(Records drawn from a dataset)
= Beginning of Section =
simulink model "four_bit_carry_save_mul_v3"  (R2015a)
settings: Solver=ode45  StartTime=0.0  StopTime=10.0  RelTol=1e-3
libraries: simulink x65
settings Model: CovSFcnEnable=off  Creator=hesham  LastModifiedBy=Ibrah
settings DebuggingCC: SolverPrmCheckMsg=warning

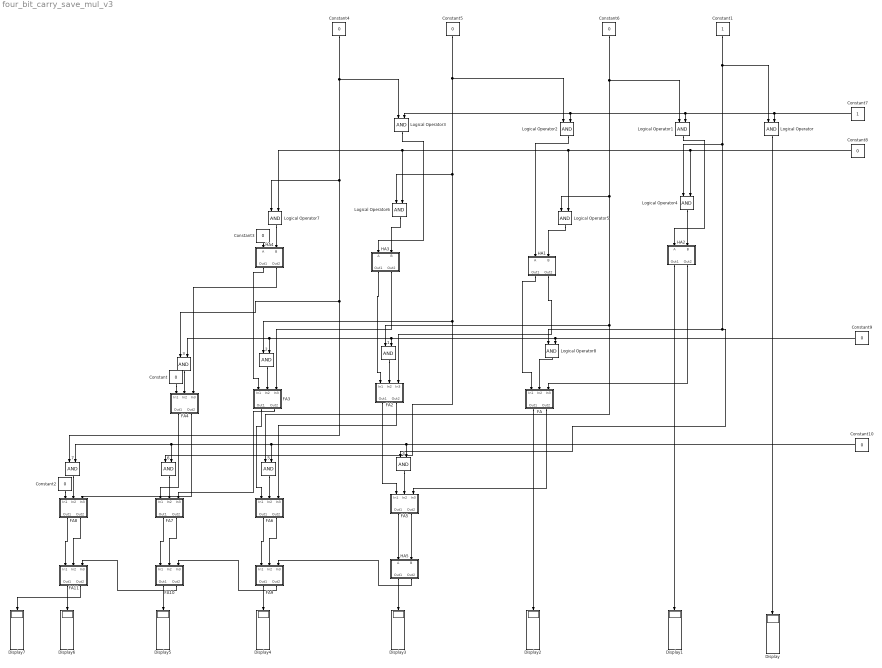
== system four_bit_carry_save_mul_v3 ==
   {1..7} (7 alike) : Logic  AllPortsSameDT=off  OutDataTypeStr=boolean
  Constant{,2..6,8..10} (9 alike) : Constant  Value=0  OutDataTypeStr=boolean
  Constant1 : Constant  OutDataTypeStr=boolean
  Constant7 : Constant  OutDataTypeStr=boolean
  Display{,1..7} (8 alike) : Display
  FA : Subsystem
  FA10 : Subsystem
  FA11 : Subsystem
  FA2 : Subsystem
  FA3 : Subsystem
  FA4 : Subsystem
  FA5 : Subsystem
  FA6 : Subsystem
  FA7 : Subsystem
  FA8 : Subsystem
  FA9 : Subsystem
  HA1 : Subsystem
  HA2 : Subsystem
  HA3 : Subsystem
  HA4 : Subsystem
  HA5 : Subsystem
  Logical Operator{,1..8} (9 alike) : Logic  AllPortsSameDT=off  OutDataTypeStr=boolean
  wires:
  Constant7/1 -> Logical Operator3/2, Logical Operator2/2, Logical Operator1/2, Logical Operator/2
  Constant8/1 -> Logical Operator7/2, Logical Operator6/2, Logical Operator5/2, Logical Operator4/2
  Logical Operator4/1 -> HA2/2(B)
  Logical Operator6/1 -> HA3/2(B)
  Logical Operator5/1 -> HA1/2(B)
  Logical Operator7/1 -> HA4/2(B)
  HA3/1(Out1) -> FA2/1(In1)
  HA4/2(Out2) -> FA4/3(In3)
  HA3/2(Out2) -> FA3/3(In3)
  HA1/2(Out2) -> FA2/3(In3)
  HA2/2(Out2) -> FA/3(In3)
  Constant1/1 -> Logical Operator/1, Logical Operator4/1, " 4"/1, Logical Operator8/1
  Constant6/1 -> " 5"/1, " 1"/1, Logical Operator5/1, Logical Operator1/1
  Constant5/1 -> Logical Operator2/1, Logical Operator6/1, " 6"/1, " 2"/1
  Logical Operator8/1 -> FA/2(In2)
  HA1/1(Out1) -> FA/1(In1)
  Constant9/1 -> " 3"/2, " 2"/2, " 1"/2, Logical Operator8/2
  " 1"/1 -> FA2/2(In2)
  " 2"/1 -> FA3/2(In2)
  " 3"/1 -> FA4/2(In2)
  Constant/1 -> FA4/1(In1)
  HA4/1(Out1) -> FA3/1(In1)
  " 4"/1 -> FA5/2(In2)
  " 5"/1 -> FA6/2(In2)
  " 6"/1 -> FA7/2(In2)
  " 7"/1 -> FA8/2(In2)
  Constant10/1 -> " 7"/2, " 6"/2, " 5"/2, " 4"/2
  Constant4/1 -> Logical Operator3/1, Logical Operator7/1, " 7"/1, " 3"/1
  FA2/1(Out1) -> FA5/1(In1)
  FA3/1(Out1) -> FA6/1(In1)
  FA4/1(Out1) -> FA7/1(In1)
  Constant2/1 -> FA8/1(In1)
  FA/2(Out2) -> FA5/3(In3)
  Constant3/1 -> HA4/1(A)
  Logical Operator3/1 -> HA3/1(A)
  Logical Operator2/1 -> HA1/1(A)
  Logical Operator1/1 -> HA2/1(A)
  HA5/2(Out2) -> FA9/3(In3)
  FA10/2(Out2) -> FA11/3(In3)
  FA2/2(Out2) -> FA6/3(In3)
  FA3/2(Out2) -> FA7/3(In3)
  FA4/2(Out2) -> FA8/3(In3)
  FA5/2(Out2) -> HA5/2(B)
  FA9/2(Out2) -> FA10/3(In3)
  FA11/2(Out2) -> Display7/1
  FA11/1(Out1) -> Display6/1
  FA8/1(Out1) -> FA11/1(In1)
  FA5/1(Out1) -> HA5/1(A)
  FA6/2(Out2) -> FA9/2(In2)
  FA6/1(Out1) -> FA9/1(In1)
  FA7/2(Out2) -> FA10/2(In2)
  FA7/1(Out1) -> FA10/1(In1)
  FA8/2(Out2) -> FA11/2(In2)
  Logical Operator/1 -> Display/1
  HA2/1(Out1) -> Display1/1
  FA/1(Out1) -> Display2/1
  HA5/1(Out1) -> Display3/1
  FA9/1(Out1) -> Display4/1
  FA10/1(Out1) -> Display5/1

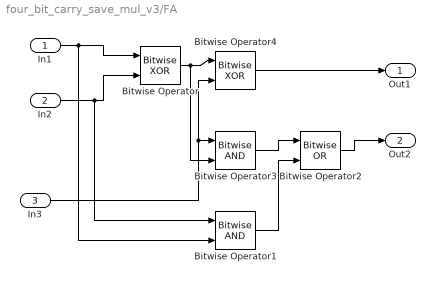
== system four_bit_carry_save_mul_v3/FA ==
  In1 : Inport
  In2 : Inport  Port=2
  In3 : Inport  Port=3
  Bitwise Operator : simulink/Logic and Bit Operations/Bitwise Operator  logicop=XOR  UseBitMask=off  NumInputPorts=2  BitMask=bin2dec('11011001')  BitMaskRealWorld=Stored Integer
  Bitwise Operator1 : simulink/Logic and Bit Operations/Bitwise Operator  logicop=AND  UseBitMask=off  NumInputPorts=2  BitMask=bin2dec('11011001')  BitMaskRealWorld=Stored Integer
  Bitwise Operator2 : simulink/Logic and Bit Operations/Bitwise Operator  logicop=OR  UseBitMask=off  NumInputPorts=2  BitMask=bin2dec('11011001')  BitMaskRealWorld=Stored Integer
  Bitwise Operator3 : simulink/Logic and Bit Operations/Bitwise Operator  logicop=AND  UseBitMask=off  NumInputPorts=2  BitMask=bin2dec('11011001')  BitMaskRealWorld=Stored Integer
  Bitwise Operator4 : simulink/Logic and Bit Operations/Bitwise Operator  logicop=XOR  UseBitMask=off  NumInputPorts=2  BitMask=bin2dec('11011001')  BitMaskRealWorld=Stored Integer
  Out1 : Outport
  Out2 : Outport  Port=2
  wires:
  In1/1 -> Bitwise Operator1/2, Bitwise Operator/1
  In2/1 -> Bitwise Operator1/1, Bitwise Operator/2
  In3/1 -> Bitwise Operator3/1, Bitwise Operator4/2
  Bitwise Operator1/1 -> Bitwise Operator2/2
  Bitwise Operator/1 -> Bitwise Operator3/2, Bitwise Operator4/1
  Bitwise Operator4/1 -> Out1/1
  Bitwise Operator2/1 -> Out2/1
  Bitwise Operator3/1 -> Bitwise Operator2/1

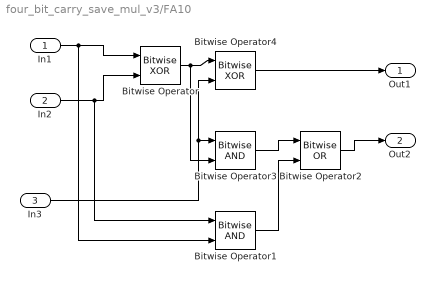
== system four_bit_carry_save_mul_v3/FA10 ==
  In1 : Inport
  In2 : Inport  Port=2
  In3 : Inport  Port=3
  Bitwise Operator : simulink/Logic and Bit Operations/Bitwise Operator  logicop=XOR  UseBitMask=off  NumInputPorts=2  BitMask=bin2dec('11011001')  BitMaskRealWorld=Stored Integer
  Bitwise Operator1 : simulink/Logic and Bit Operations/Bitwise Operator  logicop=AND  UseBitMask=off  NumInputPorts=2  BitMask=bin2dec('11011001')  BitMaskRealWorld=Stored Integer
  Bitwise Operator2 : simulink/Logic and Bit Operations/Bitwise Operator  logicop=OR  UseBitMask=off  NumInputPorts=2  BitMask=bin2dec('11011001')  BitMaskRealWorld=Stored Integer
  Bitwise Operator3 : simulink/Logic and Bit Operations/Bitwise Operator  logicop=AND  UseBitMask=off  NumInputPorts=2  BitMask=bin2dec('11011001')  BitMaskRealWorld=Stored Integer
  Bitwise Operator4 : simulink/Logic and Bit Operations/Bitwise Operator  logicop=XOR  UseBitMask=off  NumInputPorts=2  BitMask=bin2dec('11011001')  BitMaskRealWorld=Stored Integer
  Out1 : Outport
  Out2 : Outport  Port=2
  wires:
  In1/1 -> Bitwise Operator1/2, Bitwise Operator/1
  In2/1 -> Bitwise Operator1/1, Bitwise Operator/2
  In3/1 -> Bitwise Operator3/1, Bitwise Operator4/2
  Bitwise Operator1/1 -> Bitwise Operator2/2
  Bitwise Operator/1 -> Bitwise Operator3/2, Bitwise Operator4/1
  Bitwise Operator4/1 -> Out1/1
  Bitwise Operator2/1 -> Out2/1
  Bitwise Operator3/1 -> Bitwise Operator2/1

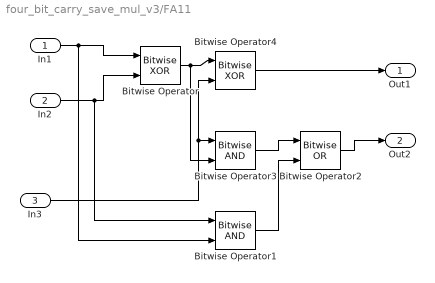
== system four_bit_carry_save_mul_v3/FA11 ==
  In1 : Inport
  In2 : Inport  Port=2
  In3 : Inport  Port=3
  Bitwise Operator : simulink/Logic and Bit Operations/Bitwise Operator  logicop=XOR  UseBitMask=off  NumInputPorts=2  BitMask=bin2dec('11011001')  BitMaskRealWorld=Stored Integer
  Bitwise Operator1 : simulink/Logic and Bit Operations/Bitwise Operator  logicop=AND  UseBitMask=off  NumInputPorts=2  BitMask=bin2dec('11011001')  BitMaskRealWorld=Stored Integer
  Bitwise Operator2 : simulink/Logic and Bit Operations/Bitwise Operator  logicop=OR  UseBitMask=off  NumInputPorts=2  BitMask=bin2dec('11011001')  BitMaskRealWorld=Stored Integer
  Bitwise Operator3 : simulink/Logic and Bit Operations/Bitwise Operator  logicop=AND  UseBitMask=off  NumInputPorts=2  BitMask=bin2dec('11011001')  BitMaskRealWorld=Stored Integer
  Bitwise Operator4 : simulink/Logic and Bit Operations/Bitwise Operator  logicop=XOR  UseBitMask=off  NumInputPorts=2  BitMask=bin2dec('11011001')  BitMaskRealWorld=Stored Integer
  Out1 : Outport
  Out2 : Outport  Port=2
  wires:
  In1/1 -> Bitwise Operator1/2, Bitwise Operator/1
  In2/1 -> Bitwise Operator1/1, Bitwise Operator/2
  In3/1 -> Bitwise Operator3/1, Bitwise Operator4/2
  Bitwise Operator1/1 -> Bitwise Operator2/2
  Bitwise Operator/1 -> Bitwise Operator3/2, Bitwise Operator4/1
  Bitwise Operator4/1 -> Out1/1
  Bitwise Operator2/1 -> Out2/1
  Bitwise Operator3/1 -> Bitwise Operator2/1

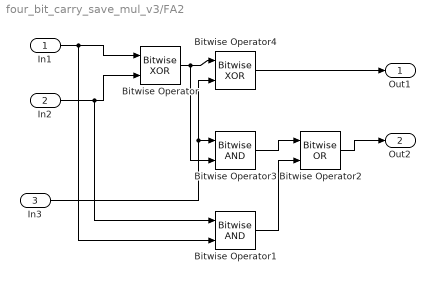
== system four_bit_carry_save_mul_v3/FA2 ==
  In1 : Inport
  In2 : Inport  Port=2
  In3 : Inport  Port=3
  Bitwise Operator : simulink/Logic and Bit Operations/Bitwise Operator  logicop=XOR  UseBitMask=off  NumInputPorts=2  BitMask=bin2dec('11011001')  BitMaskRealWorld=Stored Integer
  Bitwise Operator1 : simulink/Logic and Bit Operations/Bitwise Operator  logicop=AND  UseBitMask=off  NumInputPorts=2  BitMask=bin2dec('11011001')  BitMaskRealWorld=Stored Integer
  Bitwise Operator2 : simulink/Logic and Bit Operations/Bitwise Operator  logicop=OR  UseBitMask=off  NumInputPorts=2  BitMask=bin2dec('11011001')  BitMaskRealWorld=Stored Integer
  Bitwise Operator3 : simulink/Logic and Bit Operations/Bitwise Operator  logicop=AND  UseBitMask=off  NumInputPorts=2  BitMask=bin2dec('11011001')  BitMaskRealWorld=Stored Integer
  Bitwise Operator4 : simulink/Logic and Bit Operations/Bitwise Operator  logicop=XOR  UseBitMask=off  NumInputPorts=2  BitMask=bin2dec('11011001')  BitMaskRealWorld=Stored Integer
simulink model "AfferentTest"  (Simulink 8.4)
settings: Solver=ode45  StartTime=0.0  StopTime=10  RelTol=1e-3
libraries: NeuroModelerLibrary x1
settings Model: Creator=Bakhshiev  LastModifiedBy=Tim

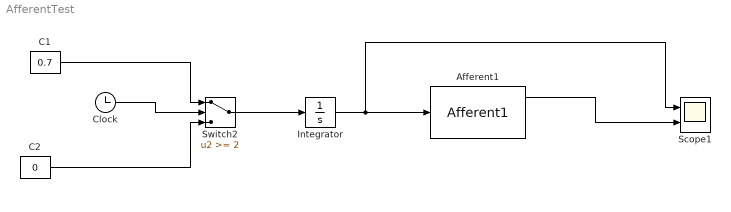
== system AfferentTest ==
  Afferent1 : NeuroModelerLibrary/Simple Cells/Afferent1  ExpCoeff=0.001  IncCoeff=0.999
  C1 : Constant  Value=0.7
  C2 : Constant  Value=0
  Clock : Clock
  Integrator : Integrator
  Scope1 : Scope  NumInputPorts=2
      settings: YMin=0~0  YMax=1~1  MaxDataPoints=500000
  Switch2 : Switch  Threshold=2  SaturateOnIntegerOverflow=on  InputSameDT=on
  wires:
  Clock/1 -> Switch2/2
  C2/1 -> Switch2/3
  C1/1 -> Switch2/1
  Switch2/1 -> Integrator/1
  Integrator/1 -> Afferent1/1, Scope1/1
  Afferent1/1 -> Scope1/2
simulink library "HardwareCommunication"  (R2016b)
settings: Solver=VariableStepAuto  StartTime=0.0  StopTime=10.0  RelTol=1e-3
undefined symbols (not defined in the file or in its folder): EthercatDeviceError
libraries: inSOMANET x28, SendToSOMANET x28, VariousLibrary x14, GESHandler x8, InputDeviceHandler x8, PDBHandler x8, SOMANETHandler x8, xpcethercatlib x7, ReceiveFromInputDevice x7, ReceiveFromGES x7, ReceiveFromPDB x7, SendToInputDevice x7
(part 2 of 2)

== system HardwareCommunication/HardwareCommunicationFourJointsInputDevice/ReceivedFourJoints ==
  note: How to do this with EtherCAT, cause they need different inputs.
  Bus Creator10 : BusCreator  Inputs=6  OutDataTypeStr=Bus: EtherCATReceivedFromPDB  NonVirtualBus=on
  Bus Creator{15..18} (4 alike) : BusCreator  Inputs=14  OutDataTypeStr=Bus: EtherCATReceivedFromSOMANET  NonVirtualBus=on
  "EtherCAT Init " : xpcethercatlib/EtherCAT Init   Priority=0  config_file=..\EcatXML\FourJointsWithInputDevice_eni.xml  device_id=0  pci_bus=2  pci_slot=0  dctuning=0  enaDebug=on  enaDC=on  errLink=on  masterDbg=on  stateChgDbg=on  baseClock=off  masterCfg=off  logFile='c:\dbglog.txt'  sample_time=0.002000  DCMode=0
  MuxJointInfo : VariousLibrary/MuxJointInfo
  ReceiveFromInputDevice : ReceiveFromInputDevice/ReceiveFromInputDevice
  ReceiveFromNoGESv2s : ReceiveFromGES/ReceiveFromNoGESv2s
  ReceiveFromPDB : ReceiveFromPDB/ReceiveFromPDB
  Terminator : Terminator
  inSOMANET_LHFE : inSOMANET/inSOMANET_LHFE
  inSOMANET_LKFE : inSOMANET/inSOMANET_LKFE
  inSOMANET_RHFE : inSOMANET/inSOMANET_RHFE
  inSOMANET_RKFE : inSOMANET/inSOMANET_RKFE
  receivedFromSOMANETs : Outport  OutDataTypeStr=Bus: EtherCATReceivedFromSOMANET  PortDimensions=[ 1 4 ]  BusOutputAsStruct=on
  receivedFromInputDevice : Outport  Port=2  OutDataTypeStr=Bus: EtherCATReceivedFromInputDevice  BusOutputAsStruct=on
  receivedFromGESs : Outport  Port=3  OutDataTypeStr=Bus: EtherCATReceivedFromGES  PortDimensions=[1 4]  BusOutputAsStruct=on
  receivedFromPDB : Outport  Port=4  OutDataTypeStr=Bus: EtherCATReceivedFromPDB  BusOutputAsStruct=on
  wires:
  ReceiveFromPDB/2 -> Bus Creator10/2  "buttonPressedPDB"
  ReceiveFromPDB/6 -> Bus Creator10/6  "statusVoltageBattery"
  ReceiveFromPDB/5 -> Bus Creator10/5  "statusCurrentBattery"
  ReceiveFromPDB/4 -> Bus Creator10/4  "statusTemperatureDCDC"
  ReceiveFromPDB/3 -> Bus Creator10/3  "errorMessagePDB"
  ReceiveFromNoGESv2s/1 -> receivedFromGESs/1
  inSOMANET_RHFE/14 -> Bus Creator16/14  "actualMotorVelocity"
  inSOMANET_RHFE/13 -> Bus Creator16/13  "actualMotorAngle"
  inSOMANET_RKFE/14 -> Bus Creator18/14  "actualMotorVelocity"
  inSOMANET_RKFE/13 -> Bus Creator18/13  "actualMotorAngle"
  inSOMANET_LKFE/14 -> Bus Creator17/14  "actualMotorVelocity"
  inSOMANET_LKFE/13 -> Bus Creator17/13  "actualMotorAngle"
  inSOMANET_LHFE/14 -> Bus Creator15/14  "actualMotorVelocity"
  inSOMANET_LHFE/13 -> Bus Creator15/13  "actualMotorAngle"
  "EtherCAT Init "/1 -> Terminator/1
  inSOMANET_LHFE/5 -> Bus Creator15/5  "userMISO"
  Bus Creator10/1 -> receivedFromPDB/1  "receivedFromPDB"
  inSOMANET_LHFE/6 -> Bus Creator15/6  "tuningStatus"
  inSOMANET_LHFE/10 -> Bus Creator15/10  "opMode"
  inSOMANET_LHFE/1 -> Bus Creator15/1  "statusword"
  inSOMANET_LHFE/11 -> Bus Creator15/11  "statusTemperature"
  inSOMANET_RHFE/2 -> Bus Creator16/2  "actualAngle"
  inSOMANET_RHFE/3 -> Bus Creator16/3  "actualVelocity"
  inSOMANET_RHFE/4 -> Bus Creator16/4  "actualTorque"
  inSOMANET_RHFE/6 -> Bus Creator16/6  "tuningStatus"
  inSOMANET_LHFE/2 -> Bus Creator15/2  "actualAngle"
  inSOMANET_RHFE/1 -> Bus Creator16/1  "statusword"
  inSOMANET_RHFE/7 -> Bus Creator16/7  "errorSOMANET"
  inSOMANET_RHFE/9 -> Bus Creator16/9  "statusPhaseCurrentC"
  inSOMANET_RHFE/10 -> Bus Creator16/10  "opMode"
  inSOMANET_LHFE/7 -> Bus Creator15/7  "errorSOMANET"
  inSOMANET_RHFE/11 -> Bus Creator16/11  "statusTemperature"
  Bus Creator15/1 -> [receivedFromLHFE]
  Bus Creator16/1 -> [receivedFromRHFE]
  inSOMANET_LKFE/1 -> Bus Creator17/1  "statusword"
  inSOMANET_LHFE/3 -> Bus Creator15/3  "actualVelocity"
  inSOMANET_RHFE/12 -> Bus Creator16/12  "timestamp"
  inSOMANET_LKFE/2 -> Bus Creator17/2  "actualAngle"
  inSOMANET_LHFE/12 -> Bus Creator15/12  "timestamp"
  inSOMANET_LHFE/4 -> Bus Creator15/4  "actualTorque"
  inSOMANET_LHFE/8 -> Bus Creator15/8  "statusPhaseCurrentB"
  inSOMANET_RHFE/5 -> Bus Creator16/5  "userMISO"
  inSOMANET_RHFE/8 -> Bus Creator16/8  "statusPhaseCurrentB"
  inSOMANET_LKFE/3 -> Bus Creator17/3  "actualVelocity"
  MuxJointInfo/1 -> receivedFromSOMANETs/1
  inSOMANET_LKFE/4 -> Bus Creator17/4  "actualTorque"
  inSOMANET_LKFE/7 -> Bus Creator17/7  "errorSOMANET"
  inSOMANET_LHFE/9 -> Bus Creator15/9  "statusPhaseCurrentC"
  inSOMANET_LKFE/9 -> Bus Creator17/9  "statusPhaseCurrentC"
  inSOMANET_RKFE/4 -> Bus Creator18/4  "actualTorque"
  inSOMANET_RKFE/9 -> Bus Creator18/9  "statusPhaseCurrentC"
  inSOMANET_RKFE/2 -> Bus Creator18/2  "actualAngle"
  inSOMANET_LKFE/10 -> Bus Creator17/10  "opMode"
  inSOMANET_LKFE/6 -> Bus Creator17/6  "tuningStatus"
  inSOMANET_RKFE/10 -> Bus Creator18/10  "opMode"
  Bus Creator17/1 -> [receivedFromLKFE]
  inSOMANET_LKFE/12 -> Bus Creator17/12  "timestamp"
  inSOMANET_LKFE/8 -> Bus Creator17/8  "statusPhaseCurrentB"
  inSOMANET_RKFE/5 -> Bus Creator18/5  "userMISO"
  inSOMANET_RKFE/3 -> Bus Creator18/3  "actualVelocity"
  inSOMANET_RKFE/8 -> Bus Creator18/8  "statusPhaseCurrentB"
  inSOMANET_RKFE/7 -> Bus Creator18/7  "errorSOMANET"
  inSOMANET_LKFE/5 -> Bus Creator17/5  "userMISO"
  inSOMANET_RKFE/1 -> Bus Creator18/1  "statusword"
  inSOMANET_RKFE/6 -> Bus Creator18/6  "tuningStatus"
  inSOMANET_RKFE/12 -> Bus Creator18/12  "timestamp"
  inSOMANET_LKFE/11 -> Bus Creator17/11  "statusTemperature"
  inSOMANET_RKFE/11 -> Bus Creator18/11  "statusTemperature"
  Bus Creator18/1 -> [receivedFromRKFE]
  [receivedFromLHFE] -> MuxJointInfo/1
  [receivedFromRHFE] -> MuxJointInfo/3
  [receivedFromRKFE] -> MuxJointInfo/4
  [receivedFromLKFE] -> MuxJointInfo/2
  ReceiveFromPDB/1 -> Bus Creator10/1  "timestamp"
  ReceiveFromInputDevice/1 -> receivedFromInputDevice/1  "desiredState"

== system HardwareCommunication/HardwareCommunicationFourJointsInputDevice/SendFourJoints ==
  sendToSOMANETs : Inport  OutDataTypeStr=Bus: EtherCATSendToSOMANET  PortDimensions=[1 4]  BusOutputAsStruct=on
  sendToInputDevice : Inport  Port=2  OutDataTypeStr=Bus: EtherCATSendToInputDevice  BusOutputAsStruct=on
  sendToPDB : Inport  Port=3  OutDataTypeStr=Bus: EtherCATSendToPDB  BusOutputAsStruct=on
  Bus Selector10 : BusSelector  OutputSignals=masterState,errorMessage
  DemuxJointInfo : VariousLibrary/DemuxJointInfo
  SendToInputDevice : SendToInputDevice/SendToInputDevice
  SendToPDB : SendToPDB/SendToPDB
= End of Section =
* **WHAT THIS TASK INVOLVES**
Set down exactly what runs from the line with "sendToInputDevice : Inport" to the last line of the data above, including both of those lines and no others.

* **RESULT**
  sendToInputDevice : Inport  Port=2  OutDataTypeStr=Bus: EtherCATSendToInputDevice  BusOutputAsStruct=on
  sendToPDB : Inport  Port=3  OutDataTypeStr=Bus: EtherCATSendToPDB  BusOutputAsStruct=on
  Bus Selector10 : BusSelector  OutputSignals=masterState,errorMessage
  DemuxJointInfo : VariousLibrary/DemuxJointInfo
  SendToInputDevice : SendToInputDevice/SendToInputDevice
  SendToPDB : SendToPDB/SendToPDB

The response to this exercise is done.